MÈLE [mèlé], MÈLZE [mèlzé] à Barcelonnette, MEOUZE [méousé], MEOUVE [mèouvé] en Languedoc [Honnorat].

MÈLE [mèlé], MÈUSE [mèusé], MÈLZE [mèlzé], MERZE [merzé], MEARE [méaré] dans les Alpes [Mistral].

En Ubaye, on trouve aussi MÈLZE [ mèlzé] et MÉARZE [méarzé], MÉALZE [méalzé] (Saint-Pons), MÈLSE en haute Ubaye, le lieu-dit Miélha à Fours [Arnaud].

À Seyne, MEUSE [ 'mewzé] balance avec MIALE [Mjalé] [Quint].

En Queyras, Briançonnais et vallées Vaudoises, on retiendra MÈRZÉ [merzé]) [Chabrand, Arnaud].

En Vallouise, on a plus simplement MÈZE [mèzé] [Garnier] et MARZÉ [merzé] à Prelles [Eïlamou].

À la Roche-de-Rame, MÉARE dans le lieu-dit Pré Méare.

En haut Dauphiné, MERZE [merzé], en bas Dauphiné, MEILE [Moutier].

À Auris, en Oisans, MARÙZO  [Duraffour].

Dans les hautes vallées piémontaises, MŒLZÉO [TGF]. Pian Melze dans la haute vallée du Pô.

Encore ces différentes graphies ne traduisent-elles que des nuances de prononciation plus ou moins bien captées par les collecteurs, avec des rendus non homogènes.
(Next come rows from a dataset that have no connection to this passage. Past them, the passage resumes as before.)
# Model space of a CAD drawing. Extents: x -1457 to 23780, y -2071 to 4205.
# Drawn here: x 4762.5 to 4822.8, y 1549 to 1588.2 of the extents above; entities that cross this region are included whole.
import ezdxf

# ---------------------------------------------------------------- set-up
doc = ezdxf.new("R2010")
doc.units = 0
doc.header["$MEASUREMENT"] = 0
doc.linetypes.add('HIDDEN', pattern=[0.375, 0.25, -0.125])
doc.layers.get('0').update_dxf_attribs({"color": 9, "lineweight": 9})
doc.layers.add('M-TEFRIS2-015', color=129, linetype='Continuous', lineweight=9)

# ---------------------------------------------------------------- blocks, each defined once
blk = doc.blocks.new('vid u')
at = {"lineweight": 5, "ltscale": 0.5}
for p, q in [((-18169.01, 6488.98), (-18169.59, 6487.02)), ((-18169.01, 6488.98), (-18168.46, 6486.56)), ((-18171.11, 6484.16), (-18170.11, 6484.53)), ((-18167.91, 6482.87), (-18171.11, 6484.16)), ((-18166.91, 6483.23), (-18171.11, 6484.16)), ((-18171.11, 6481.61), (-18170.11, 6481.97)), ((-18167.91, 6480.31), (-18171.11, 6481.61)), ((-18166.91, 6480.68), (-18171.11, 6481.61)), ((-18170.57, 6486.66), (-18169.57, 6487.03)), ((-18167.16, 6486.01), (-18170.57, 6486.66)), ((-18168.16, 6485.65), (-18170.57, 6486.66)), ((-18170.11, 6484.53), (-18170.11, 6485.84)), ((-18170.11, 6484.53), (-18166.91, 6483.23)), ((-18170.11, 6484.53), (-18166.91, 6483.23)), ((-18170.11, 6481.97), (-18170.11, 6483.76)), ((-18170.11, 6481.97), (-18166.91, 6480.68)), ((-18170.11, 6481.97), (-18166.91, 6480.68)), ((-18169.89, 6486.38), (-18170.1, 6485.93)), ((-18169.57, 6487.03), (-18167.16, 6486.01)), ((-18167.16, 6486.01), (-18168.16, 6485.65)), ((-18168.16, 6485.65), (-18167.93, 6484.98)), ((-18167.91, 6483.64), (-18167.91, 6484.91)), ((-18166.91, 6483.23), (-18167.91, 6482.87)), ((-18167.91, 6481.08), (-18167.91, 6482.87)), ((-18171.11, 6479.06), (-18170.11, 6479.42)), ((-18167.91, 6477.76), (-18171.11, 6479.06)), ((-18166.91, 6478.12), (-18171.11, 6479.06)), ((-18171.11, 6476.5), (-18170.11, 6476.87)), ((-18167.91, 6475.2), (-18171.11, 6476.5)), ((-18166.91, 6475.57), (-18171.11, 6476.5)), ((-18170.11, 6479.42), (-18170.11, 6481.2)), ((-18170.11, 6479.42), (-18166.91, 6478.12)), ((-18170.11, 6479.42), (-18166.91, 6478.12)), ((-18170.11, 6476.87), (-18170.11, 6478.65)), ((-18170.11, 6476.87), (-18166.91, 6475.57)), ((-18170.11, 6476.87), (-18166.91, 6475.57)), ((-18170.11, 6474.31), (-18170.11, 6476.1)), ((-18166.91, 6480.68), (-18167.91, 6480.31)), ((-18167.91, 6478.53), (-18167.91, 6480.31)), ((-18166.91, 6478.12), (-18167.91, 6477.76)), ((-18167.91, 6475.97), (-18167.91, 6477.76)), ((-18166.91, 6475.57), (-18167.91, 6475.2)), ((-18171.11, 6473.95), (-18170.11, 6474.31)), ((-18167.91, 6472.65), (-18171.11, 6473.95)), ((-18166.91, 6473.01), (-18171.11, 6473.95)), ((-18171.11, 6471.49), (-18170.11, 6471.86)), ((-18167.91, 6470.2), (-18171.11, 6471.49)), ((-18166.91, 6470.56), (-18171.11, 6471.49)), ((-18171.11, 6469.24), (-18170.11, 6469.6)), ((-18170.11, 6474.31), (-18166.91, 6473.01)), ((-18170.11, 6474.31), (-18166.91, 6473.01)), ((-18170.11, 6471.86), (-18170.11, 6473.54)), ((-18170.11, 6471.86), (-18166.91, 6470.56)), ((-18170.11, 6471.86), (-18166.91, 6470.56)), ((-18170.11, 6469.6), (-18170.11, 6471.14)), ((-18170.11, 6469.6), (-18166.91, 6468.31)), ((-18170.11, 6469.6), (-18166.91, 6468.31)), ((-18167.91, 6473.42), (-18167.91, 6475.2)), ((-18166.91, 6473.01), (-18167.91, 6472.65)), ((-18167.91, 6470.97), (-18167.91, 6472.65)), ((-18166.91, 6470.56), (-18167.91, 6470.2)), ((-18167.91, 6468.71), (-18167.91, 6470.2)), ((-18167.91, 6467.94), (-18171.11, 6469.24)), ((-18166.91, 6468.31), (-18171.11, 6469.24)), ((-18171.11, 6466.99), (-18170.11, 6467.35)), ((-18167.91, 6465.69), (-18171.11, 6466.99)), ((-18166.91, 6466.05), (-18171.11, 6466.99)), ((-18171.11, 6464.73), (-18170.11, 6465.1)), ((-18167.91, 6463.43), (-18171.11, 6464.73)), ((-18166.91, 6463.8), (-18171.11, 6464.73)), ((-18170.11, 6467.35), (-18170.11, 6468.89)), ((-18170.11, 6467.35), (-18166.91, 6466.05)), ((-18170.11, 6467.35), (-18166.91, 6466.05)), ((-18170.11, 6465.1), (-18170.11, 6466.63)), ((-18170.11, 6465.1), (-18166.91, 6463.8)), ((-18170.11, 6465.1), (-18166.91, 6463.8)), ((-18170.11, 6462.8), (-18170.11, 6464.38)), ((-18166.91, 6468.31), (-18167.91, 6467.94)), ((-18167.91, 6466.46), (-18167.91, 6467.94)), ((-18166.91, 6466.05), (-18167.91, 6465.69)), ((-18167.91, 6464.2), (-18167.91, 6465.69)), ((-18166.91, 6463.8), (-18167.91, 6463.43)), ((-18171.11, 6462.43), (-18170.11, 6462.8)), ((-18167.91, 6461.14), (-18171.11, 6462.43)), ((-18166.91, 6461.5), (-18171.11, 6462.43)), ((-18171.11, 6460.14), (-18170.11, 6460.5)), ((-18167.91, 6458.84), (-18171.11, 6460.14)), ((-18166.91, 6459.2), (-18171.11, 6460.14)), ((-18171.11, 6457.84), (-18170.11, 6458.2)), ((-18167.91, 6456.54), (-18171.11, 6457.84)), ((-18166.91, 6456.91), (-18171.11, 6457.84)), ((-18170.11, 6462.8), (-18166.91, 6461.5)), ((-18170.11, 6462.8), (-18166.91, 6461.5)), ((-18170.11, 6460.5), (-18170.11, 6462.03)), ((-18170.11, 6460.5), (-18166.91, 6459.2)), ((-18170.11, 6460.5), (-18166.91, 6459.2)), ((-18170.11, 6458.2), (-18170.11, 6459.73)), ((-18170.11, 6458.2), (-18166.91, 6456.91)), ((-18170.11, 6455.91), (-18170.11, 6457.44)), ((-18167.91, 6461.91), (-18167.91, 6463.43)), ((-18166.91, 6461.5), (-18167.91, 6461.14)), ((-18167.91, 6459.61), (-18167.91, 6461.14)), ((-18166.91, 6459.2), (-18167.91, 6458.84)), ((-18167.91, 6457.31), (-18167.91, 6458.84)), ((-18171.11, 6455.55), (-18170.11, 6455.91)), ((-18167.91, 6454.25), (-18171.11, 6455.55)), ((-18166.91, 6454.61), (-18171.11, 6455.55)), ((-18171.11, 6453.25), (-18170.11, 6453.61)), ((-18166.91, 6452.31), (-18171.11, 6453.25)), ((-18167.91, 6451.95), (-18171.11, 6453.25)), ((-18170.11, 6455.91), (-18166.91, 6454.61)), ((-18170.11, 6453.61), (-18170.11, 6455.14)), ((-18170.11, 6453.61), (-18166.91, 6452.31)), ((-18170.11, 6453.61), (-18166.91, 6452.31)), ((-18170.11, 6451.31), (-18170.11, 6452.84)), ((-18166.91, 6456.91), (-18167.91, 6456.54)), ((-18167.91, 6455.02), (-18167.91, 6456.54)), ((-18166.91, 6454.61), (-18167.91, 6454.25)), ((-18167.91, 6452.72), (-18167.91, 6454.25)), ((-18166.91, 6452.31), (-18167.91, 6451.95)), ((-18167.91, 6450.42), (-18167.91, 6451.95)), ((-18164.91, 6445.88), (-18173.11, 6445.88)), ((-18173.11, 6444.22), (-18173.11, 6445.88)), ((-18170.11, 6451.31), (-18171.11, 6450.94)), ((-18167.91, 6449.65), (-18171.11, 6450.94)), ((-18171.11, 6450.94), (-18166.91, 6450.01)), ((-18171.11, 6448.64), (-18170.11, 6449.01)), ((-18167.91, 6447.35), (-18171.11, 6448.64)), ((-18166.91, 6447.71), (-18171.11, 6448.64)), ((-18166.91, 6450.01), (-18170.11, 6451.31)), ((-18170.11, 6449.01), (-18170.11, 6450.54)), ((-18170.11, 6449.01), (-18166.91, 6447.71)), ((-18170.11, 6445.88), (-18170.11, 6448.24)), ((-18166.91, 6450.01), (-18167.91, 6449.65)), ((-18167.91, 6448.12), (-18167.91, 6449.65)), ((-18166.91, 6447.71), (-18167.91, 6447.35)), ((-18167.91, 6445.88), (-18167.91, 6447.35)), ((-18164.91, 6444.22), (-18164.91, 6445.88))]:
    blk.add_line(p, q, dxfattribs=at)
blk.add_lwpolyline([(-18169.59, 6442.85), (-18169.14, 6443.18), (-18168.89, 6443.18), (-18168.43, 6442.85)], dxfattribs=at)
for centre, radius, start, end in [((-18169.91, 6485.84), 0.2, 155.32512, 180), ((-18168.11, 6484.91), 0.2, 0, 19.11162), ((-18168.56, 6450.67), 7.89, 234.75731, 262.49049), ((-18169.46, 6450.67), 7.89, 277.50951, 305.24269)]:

Toutes se retrouvent plus ou moins dans la toponymie des Alpes du Sud, jusqu'en Savoie du Sud, et même en Lozère et Haute-Loire.

Dérivant directement de l'étymon MELESE, Ceillac a le Mélézet , Forestum de Melleseto au XIIIe siècle, Melleset en 1321 [TGF],  de même à Jausiers [Arnaud]. Le Mélezet, hameau de Bardonnèche.

Les mélézins se retrouvent dans divers noms de lieux : la Melzeréa et lou Melzeroùn aux Thuiles, Merzeléas à Fours et Merzeroùs à Enchastrayes en Ubaye [Arnaud]. Sans oublier Villar-Saint-Pancrace mais dont le Mélézin est sans doute de formation plus moderne.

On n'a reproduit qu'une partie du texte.